TASK TO CARRY OUT ::
Using the listing below, retype exactly the lines starting at the one with "#41=VERTEX_POINT('',#40);" and ending at the one with "#72=EDGE_LOOP('',(#71));", and include both.

=== Begin Enclosure ===

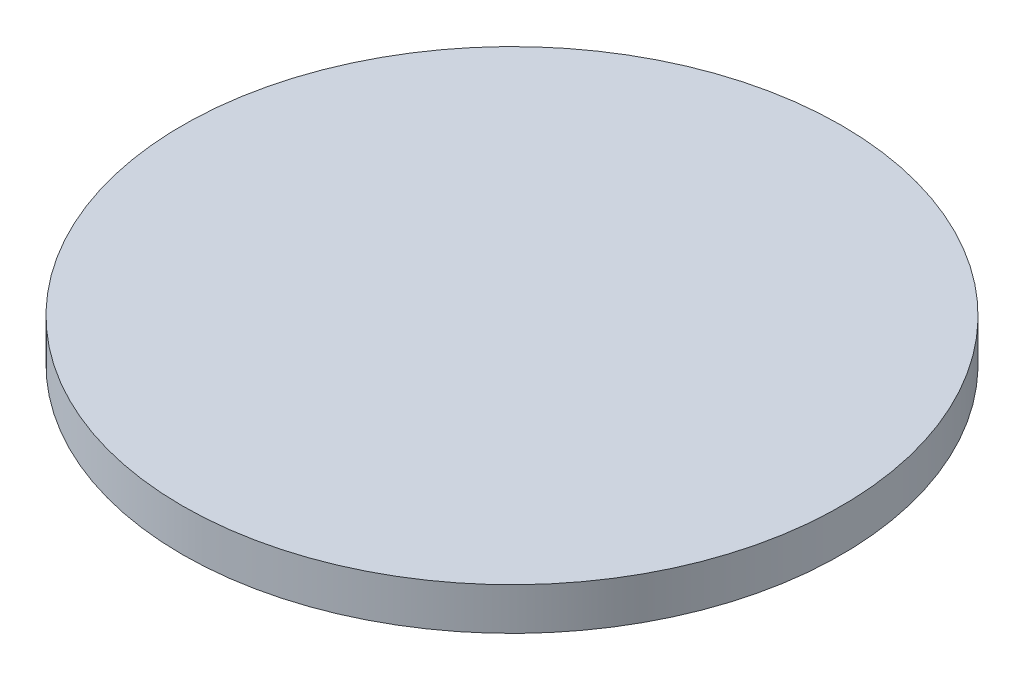
ISO-10303-21;
HEADER;
FILE_DESCRIPTION(('STEP AP214'),'2;1');
FILE_NAME('part.step','',(''),(''),'','','');
FILE_SCHEMA(('AUTOMOTIVE_DESIGN { 1 0 10303 214 1 1 1 1 }'));
ENDSEC;
DATA;
#1=APPLICATION_CONTEXT('core data for automotive mechanical design processes');
#2=APPLICATION_PROTOCOL_DEFINITION('international standard','automotive_design',2000,#1);
#3=PRODUCT_CONTEXT('',#1,'mechanical');
#4=PRODUCT('Part','Part','',(#3));
#5=PRODUCT_RELATED_PRODUCT_CATEGORY('part','',(#4));
#6=PRODUCT_DEFINITION_FORMATION('','',#4);
#7=PRODUCT_DEFINITION_CONTEXT('part definition',#1,'design');
#8=PRODUCT_DEFINITION('design','',#6,#7);
#9=PRODUCT_DEFINITION_SHAPE('','',#8);
#10=(LENGTH_UNIT() NAMED_UNIT(*) SI_UNIT(.MILLI.,.METRE.));
#11=(NAMED_UNIT(*) PLANE_ANGLE_UNIT() SI_UNIT($,.RADIAN.));
#12=(NAMED_UNIT(*) SI_UNIT($,.STERADIAN.) SOLID_ANGLE_UNIT());
#13=UNCERTAINTY_MEASURE_WITH_UNIT(LENGTH_MEASURE(1.E-05),#10,'distance_accuracy_value','');
#14=(GEOMETRIC_REPRESENTATION_CONTEXT(3) GLOBAL_UNCERTAINTY_ASSIGNED_CONTEXT((#13)) GLOBAL_UNIT_ASSIGNED_CONTEXT((#10,
#11,#12)) REPRESENTATION_CONTEXT('',''));
#15=CARTESIAN_POINT('',(0.,0.,0.));
#16=DIRECTION('',(0.,0.,1.));
#17=DIRECTION('',(1.,0.,0.));
#18=AXIS2_PLACEMENT_3D('',#15,#16,#17);
#19=CARTESIAN_POINT('',(0.,-5.,0.));
#20=DIRECTION('',(0.,1.,0.));
#21=DIRECTION('',(0.,0.,1.));
#22=AXIS2_PLACEMENT_3D('',#19,#20,#21);
#23=CYLINDRICAL_SURFACE('',#22,62.5);
#24=CARTESIAN_POINT('',(0.,-5.,0.));
#25=DIRECTION('',(0.,1.,0.));
#26=DIRECTION('',(0.,0.,1.));
#27=AXIS2_PLACEMENT_3D('',#24,#25,#26);
#28=CIRCLE('',#27,62.5);
#29=CARTESIAN_POINT('',(0.,-5.,62.5));
#30=VERTEX_POINT('',#29);
#31=EDGE_CURVE('E10',#30,#30,#28,.T.);
#32=ORIENTED_EDGE('',*,*,#31,.T.);
#33=EDGE_LOOP('',(#32));
#34=FACE_BOUND('',#33,.T.);
#35=CARTESIAN_POINT('',(0.,3.,0.));
#36=DIRECTION('',(0.,1.,0.));
#37=DIRECTION('',(0.,0.,1.));
#38=AXIS2_PLACEMENT_3D('',#35,#36,#37);
#39=CIRCLE('',#38,62.5);
#40=CARTESIAN_POINT('',(0.,3.,62.5));
#41=VERTEX_POINT('',#40);
#42=EDGE_CURVE('E51',#41,#41,#39,.T.);
#43=ORIENTED_EDGE('',*,*,#42,.F.);
#44=EDGE_LOOP('',(#43));
#45=FACE_BOUND('',#44,.T.);
#46=ADVANCED_FACE('F30',(#34,#45),#23,.T.);
#47=CARTESIAN_POINT('',(0.,-5.,0.));
#48=DIRECTION('',(0.,1.,0.));
#49=DIRECTION('',(0.,0.,1.));
#50=AXIS2_PLACEMENT_3D('',#47,#48,#49);
#51=PLANE('',#50);
#52=CARTESIAN_POINT('',(-22.041946960967,-5.,-30.3381372890583));
#53=DIRECTION('',(0.,1.,0.));
#54=DIRECTION('',(0.,0.,1.));
#55=AXIS2_PLACEMENT_3D('',#52,#53,#54);
#56=CIRCLE('',#55,11.25);
#57=CARTESIAN_POINT('',(-22.041946960967,-5.,-19.0881372890583));
#58=VERTEX_POINT('',#57);
#59=EDGE_CURVE('E61',#58,#58,#56,.T.);
#60=ORIENTED_EDGE('',*,*,#59,.T.);
#61=EDGE_LOOP('',(#60));
#62=FACE_BOUND('',#61,.T.);
#63=CARTESIAN_POINT('',(-35.6646193610656,-5.,-11.5881372890569));
#64=DIRECTION('',(0.,1.,0.));
#65=DIRECTION('',(0.,0.,1.));
#66=AXIS2_PLACEMENT_3D('',#63,#64,#65);
#67=CIRCLE('',#66,11.25);
#68=CARTESIAN_POINT('',(-35.6646193610656,-5.,-0.338137289056876));
#69=VERTEX_POINT('',#68);
#70=EDGE_CURVE('E64',#69,#69,#67,.T.);
#71=ORIENTED_EDGE('',*,*,#70,.T.);
#72=EDGE_LOOP('',(#71));
#73=FACE_BOUND('',#72,.T.);
#74=CARTESIAN_POINT('',(-35.6646193610633,-5.,11.5881372890642));
#75=DIRECTION('',(0.,1.,0.));
#76=DIRECTION('',(0.,0.,1.));
#77=AXIS2_PLACEMENT_3D('',#74,#75,#76);
#78=CIRCLE('',#77,11.25);
#79=CARTESIAN_POINT('',(-35.6646193610633,-5.,22.8381372890642));
#80=VERTEX_POINT('',#79);
#81=EDGE_CURVE('E71',#80,#80,#78,.T.);
#82=ORIENTED_EDGE('',*,*,#81,.T.);
#83=EDGE_LOOP('',(#82));
#84=FACE_BOUND('',#83,.T.);
#85=CARTESIAN_POINT('',(-22.0419469609608,-5.,30.3381372890628));
#86=DIRECTION('',(0.,1.,0.));
#87=DIRECTION('',(0.,0.,1.));
#88=AXIS2_PLACEMENT_3D('',#85,#86,#87);
#89=CIRCLE('',#88,11.25);
#90=CARTESIAN_POINT('',(-22.0419469609608,-5.,41.5881372890628));
#91=VERTEX_POINT('',#90);
#92=EDGE_CURVE('E77',#91,#91,#89,.T.);
#93=ORIENTED_EDGE('',*,*,#92,.T.);
#94=EDGE_LOOP('',(#93));
#95=FACE_BOUND('',#94,.T.);
#96=CARTESIAN_POINT('',(7.65641032932123E-12,-5.,37.5));
#97=DIRECTION('',(0.,1.,0.));
#98=DIRECTION('',(0.,0.,1.));
#99=AXIS2_PLACEMENT_3D('',#96,#97,#98);
#100=CIRCLE('',#99,11.25);
#101=CARTESIAN_POINT('',(7.65641032932123E-12,-5.,48.75));
#102=VERTEX_POINT('',#101);
#103=EDGE_CURVE('E83',#102,#102,#100,.T.);
#104=ORIENTED_EDGE('',*,*,#103,.T.);
#105=EDGE_LOOP('',(#104));
#106=FACE_BOUND('',#105,.T.);
#107=CARTESIAN_POINT('',(22.0419469609747,-5.,30.3381372890583));
#108=DIRECTION('',(0.,1.,0.));
#109=DIRECTION('',(0.,0.,1.));
#110=AXIS2_PLACEMENT_3D('',#107,#108,#109);
#111=CIRCLE('',#110,11.25);
#112=CARTESIAN_POINT('',(22.0419469609747,-5.,41.5881372890583));
#113=VERTEX_POINT('',#112);
#114=EDGE_CURVE('E89',#113,#113,#111,.T.);
#115=ORIENTED_EDGE('',*,*,#114,.T.);
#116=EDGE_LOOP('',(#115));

=== End Enclosure ===

ANSWER TO THIS EXERCISE ::
#41=VERTEX_POINT('',#40);
#42=EDGE_CURVE('E51',#41,#41,#39,.T.);
#43=ORIENTED_EDGE('',*,*,#42,.F.);
#44=EDGE_LOOP('',(#43));
#45=FACE_BOUND('',#44,.T.);
#46=ADVANCED_FACE('F30',(#34,#45),#23,.T.);
#47=CARTESIAN_POINT('',(0.,-5.,0.));
#48=DIRECTION('',(0.,1.,0.));
#49=DIRECTION('',(0.,0.,1.));
#50=AXIS2_PLACEMENT_3D('',#47,#48,#49);
#51=PLANE('',#50);
#52=CARTESIAN_POINT('',(-22.041946960967,-5.,-30.3381372890583));
#53=DIRECTION('',(0.,1.,0.));
#54=DIRECTION('',(0.,0.,1.));
#55=AXIS2_PLACEMENT_3D('',#52,#53,#54);
#56=CIRCLE('',#55,11.25);
#57=CARTESIAN_POINT('',(-22.041946960967,-5.,-19.0881372890583));
#58=VERTEX_POINT('',#57);
#59=EDGE_CURVE('E61',#58,#58,#56,.T.);
#60=ORIENTED_EDGE('',*,*,#59,.T.);
#61=EDGE_LOOP('',(#60));
#62=FACE_BOUND('',#61,.T.);
#63=CARTESIAN_POINT('',(-35.6646193610656,-5.,-11.5881372890569));
#64=DIRECTION('',(0.,1.,0.));
#65=DIRECTION('',(0.,0.,1.));
#66=AXIS2_PLACEMENT_3D('',#63,#64,#65);
#67=CIRCLE('',#66,11.25);
#68=CARTESIAN_POINT('',(-35.6646193610656,-5.,-0.338137289056876));
#69=VERTEX_POINT('',#68);
#70=EDGE_CURVE('E64',#69,#69,#67,.T.);
#71=ORIENTED_EDGE('',*,*,#70,.T.);
#72=EDGE_LOOP('',(#71));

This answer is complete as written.